Translates as “It turns out that after you get out of law school those law firms don’t just give you an office and a salary, they expect you to work!! Fuck that!
So now I just chill with my homies from the frat and we are thinking about starting the next Facebook. It’s gonna be epic!”
Comrade Dread
Because Republicans believe in meritocracy, I’m sure his success has nothing at all to do with his name or his parentage and everything to do with his competence, intelligence, and… HAHAHAHAHAHA…
Whew. Sorry. I’m getting worse at being able to keep a straight face when I’m spouting GOP talking points lately.
JasonF
I’m reminded of the anecdote that made the rounds when Irving Kristol passed last year, and which I have shamelessly stolen from the comments here:
Back in the late 1990s, Ira Katznelson, an eminent political scientist at Columbia, delivered a lecture.
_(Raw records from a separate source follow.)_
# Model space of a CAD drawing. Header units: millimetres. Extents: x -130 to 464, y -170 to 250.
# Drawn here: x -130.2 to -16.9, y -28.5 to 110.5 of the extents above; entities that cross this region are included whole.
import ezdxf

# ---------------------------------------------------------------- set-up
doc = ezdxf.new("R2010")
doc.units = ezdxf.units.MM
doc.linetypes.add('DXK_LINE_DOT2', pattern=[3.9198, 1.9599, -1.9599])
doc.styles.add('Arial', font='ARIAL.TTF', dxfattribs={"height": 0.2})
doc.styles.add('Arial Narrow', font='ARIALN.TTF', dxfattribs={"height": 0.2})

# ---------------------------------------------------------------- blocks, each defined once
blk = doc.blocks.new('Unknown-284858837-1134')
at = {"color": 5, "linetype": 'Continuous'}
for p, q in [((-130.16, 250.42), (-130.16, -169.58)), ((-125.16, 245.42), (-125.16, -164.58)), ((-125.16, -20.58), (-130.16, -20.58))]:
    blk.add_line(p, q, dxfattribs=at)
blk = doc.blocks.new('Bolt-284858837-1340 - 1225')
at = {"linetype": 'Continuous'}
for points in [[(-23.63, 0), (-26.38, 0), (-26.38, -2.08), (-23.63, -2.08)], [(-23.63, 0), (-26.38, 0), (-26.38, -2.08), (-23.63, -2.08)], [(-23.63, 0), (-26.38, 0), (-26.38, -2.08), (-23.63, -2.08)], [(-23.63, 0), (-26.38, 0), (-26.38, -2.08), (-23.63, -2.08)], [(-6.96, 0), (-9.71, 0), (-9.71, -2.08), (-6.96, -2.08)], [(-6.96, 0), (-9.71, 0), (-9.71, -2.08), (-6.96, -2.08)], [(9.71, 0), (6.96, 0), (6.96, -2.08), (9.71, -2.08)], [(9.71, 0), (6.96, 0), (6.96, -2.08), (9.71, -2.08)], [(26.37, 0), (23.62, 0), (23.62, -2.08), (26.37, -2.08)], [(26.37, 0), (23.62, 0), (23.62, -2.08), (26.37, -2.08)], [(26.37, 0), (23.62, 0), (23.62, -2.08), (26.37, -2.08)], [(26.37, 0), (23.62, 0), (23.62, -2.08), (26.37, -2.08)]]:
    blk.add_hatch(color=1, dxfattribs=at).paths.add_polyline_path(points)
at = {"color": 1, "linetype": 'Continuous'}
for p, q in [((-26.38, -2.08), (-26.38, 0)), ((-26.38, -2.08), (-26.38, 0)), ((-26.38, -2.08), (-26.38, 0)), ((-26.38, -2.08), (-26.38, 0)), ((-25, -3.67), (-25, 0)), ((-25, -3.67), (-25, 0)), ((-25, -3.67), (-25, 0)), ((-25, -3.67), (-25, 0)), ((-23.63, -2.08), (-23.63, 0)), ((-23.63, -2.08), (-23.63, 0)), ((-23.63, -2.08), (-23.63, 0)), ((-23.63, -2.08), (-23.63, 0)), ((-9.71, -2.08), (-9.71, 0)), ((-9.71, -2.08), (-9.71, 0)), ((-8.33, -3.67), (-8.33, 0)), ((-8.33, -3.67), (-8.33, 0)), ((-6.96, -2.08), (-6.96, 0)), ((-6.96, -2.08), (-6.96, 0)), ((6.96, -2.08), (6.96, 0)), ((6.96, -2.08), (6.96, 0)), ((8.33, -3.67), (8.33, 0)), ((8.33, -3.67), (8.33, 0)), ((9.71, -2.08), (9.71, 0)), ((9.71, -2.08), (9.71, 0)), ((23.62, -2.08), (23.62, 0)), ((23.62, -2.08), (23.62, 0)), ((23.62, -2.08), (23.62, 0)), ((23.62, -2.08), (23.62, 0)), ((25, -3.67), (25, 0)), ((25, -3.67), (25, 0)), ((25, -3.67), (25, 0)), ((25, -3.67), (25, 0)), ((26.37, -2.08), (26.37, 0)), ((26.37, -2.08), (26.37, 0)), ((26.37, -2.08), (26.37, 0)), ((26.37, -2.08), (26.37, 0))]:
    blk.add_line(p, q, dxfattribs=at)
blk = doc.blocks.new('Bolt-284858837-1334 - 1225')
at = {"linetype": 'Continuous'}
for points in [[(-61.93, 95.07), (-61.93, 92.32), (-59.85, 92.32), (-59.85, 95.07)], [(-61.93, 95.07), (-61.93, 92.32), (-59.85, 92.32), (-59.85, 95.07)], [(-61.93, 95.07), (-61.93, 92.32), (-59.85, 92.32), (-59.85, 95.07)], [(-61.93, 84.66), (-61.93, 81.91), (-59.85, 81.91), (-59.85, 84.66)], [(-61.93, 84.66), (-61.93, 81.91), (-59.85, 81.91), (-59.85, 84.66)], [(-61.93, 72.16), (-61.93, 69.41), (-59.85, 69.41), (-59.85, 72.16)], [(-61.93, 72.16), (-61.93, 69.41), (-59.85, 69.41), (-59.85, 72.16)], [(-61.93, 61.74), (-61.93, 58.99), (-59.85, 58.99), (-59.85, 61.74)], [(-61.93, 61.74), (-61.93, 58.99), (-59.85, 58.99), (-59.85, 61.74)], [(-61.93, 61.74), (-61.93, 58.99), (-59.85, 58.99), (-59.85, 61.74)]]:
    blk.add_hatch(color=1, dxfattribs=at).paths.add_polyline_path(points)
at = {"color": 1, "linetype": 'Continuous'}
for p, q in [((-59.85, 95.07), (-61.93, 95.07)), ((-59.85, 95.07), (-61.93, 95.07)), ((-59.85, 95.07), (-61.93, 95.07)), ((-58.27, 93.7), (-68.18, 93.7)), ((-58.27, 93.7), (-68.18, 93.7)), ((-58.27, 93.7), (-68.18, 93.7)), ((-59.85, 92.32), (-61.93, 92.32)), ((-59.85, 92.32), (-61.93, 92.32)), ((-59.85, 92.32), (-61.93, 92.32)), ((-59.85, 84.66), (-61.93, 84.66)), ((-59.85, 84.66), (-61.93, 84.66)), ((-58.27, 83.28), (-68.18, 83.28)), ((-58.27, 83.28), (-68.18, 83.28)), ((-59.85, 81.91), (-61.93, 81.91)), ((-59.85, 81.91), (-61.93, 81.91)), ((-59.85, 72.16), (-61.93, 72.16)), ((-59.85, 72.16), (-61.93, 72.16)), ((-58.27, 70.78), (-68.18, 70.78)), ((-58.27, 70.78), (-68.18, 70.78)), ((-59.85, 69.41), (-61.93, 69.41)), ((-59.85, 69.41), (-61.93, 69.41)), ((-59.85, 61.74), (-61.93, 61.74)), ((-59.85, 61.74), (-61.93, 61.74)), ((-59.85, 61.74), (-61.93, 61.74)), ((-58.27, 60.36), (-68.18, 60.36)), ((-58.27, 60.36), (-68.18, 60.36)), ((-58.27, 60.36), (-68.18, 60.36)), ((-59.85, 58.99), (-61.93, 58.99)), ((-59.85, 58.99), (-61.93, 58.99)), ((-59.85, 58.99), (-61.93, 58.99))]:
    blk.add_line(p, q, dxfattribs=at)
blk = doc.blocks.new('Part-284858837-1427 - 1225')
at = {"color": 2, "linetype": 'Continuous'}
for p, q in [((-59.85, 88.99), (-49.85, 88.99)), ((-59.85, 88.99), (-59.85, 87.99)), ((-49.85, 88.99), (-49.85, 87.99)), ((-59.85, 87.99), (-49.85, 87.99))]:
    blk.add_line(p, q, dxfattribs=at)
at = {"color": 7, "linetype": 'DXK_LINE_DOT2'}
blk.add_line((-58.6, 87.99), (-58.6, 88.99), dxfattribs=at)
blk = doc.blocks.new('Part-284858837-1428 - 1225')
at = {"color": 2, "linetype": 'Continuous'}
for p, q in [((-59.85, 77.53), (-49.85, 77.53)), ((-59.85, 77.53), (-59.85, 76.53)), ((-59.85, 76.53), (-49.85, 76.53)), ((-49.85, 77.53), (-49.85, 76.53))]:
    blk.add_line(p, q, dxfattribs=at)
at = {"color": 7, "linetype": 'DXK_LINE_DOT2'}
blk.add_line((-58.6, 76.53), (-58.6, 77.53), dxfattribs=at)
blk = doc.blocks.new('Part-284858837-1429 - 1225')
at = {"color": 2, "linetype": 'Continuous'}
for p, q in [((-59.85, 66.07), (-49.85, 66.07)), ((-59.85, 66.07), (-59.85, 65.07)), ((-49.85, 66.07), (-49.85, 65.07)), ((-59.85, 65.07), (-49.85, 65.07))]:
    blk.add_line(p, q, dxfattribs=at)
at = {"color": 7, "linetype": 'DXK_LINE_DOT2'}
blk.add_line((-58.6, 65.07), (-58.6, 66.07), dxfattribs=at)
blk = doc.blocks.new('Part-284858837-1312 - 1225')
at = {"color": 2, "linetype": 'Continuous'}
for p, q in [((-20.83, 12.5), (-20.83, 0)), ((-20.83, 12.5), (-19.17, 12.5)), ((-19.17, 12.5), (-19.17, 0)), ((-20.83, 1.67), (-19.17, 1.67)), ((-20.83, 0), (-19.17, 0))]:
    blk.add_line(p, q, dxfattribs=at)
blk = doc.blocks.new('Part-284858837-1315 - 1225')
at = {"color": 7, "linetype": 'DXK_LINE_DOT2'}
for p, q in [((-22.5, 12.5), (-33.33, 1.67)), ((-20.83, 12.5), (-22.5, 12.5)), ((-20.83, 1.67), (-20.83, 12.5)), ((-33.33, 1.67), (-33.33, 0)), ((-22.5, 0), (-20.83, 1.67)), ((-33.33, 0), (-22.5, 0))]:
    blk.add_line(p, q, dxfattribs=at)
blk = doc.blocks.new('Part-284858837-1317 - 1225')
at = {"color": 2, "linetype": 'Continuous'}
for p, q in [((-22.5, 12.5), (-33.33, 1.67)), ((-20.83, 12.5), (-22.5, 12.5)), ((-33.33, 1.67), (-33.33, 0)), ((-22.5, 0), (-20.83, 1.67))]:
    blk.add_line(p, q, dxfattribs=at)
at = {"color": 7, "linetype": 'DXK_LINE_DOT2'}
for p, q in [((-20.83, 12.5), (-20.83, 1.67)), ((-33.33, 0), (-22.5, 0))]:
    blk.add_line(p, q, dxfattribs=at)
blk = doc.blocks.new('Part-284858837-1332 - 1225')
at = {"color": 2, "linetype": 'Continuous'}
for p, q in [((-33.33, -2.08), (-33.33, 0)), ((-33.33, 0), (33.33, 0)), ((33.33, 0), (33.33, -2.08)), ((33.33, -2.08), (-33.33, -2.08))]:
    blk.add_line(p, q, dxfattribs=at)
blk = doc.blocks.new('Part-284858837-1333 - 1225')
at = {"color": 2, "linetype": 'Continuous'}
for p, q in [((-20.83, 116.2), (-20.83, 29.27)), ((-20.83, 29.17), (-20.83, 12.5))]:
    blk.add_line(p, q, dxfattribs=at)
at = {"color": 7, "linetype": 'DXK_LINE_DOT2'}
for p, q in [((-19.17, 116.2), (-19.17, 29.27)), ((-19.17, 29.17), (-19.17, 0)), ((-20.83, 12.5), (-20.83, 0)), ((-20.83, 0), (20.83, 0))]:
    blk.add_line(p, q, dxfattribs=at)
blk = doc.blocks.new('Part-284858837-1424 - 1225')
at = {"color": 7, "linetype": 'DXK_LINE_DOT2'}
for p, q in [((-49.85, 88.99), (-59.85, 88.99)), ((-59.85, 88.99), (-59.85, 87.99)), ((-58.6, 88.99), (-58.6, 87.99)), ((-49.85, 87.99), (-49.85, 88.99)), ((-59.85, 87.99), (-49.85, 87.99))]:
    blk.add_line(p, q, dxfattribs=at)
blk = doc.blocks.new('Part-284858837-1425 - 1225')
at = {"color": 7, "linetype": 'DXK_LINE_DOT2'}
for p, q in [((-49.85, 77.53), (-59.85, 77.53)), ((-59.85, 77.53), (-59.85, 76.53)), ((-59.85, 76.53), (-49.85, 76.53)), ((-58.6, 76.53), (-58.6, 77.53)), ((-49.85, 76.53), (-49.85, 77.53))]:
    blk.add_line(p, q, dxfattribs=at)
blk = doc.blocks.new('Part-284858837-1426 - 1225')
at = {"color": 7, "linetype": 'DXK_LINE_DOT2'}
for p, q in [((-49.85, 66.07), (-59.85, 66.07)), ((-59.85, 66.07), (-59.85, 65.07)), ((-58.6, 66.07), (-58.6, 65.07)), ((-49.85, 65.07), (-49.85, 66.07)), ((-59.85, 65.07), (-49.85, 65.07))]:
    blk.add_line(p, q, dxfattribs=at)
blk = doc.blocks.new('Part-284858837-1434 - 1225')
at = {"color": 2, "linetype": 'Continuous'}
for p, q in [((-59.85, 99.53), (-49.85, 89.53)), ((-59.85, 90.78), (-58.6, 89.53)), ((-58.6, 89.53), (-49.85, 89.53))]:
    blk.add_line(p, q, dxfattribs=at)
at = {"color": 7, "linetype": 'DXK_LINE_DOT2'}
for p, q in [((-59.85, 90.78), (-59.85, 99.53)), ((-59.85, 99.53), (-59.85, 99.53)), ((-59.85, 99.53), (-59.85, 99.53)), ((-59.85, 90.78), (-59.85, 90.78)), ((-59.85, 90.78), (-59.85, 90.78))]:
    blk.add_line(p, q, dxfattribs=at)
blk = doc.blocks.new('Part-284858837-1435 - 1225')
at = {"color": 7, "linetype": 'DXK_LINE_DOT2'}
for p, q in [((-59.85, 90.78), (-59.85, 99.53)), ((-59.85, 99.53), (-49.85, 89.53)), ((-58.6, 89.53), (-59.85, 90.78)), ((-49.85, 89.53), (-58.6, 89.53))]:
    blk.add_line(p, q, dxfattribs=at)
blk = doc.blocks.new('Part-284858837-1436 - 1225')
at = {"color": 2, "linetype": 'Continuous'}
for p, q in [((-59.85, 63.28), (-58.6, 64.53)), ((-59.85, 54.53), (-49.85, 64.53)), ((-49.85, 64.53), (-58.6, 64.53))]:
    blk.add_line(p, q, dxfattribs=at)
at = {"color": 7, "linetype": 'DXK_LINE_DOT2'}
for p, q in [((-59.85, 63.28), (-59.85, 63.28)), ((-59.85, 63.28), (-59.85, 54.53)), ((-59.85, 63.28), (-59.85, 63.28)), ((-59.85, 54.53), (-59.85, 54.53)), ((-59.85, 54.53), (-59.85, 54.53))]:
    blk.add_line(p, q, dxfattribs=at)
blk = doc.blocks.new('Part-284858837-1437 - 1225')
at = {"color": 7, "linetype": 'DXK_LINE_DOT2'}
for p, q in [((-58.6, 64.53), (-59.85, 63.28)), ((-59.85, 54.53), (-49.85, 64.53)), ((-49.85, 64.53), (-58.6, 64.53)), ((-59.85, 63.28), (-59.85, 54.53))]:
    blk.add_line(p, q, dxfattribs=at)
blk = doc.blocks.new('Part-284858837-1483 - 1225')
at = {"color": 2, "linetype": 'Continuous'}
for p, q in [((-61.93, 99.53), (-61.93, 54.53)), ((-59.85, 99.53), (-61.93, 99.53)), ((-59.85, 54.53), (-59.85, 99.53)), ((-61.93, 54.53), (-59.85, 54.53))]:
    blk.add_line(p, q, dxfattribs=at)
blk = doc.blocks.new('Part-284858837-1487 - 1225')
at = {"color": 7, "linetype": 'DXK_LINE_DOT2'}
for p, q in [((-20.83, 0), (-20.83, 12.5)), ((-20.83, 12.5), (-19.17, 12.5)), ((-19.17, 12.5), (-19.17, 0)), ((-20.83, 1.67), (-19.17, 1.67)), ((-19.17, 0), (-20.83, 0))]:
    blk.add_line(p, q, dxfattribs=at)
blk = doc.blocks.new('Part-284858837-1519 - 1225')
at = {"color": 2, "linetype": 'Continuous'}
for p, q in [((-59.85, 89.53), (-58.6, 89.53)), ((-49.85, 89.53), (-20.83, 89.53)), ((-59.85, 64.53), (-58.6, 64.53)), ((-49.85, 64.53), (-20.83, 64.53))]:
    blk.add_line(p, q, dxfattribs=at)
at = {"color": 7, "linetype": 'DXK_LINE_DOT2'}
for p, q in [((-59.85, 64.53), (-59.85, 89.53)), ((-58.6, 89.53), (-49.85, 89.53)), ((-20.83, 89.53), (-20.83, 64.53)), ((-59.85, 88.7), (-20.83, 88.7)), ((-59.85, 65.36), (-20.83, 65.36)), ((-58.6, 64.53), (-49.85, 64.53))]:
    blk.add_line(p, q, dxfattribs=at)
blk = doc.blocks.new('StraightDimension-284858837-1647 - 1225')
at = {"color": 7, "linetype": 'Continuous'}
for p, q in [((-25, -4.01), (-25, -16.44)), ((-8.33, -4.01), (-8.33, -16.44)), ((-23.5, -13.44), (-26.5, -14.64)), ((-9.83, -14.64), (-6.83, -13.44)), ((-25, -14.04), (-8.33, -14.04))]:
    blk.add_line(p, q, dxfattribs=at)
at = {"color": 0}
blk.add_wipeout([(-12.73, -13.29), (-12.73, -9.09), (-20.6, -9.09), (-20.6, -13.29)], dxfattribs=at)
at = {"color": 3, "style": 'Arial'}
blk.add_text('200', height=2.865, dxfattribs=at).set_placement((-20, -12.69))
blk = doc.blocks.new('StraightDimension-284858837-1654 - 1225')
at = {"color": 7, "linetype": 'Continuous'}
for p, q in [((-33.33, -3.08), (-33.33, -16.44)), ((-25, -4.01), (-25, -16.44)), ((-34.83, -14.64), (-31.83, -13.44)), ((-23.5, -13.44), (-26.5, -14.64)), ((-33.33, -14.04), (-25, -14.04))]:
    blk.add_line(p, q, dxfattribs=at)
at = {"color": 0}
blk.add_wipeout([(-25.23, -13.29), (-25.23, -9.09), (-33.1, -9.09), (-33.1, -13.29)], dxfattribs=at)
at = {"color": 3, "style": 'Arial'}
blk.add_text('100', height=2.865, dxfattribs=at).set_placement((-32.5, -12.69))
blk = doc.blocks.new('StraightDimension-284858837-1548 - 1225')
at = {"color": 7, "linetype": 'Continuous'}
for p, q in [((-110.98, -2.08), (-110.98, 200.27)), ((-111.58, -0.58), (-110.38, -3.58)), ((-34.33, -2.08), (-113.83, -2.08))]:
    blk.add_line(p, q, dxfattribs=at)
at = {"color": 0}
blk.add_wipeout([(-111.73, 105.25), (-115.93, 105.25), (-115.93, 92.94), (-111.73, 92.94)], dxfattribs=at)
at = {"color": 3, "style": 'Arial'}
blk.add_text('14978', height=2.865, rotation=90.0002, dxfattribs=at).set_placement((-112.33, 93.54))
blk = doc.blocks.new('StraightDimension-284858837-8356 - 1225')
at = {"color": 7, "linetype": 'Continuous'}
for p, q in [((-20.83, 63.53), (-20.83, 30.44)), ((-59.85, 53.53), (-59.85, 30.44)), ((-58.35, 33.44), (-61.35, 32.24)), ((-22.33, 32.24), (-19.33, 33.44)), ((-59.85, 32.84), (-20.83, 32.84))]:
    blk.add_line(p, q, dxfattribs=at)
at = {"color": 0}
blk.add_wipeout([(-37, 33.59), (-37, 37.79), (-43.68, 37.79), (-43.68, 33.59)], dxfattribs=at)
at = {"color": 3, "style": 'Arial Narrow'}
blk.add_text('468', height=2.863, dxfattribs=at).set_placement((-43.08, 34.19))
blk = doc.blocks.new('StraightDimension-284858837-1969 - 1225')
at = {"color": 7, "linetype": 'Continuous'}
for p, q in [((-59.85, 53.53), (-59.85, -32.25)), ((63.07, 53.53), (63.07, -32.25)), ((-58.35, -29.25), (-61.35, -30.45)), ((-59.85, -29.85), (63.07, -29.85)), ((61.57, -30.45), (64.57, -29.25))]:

In that lecture, Prof. Katznelson described a lunch he had with Irving Kristol during the first Bush administration.
The talk turned to William Kristol, then Dan Quayle’s chief of staff, and how he got his start in politics. Irving recalled how he talked to his friend Harvey Mansfield at Harvard, who secured William a place there as both an undergrad and graduate student; how he talked to Pat Moynihan, then Nixon’s domestic policy adviser, and got William an internship at the White House; how he talked to friends at the RNC [Republican National Committee] and secured a job for William after he got his Harvard Ph.D.; and how he arranged with still more friends for William to teach at Penn and the Kennedy School of Government.
With that, Prof. Katznelson recalled, he then asked Irving what he thought of affirmative action. ‘I oppose it,’ Irving replied. ‘It subverts meritocracy.’
MCA
While the platform statements on his website reek of braindead Republican pablum, geared toward reassuring wingnuts of his hardcore anti-intellectual librul-hatin’ cred, I can say from personal knowledge this Quayle is not a particularly dim bulb. (Whether he acts more unsophisticated than he is elected is a different matter and worthy of judgment in the future, of course). He was a solid student/citizen at a top 10 university (not a la GWB), graduated from a good law school and worked for legit firms. Whether he was handed those academic placements and jobs through his father’s network or not (and no doubt it helped significantly – admissions at Duke and biglaw jobs in NYC aren’t passed out like candy these days), he passed the California and New York bars. Something many can’t say. Many offspring of political big hitters have taken much easier paths to their own political careers than Quayle’s.
My biggest problem with him is not his lineage, but the fact he played lacrosse. Anyway, give the kid a chance before condemning him as a moron because of his father. You all sound like the people on the other side dumping on Pelosi’s daughter’s film because of her mother’s identity.
Andrew
@MCA: Ben Quayle may not be a moron, but whoever wrote the biography on his page sure is. Dear god, it’s one of the most poorly written biographical pages I’ve seen for a mainstream political candidate. (Maybe his dad wrote it.)
SRW1
@Linda Featheringill:
I’m aware of the fact that his pacemaker has a nuclear battery, but 2020 still sounds like a stretch for the Old Man.
SRW1
When asked by a reporter, Dick Cheney rejected the idea of a Cheney-Quayle ‘20 ticket out of hand. More precisely, his response was: “Quails are only good for target practice.”
Mrs. Tarquin Biscuitbarrel
@dollared: BINGO! You got it!
Not only did Ben Quayle undoubtedly fall heir to the prodigious brain power of his father, he may have inherited the literary mantle of his mother Marilyn Tucker Quayle. About her novel, “Embrace the Serpent,” http://www.alibris.com notes, “In this thriller [sic] by the wife of the Vice President and her sister, a Senator with close ties to Cuba leads an uprising among the military to thwart efforts to install a Russian puppet in place of the now-deceased Castro. The result is a revolution led by Castro’s arch enemy, an escaped prisoner who is a hero of the people. see all copies from $0.99!”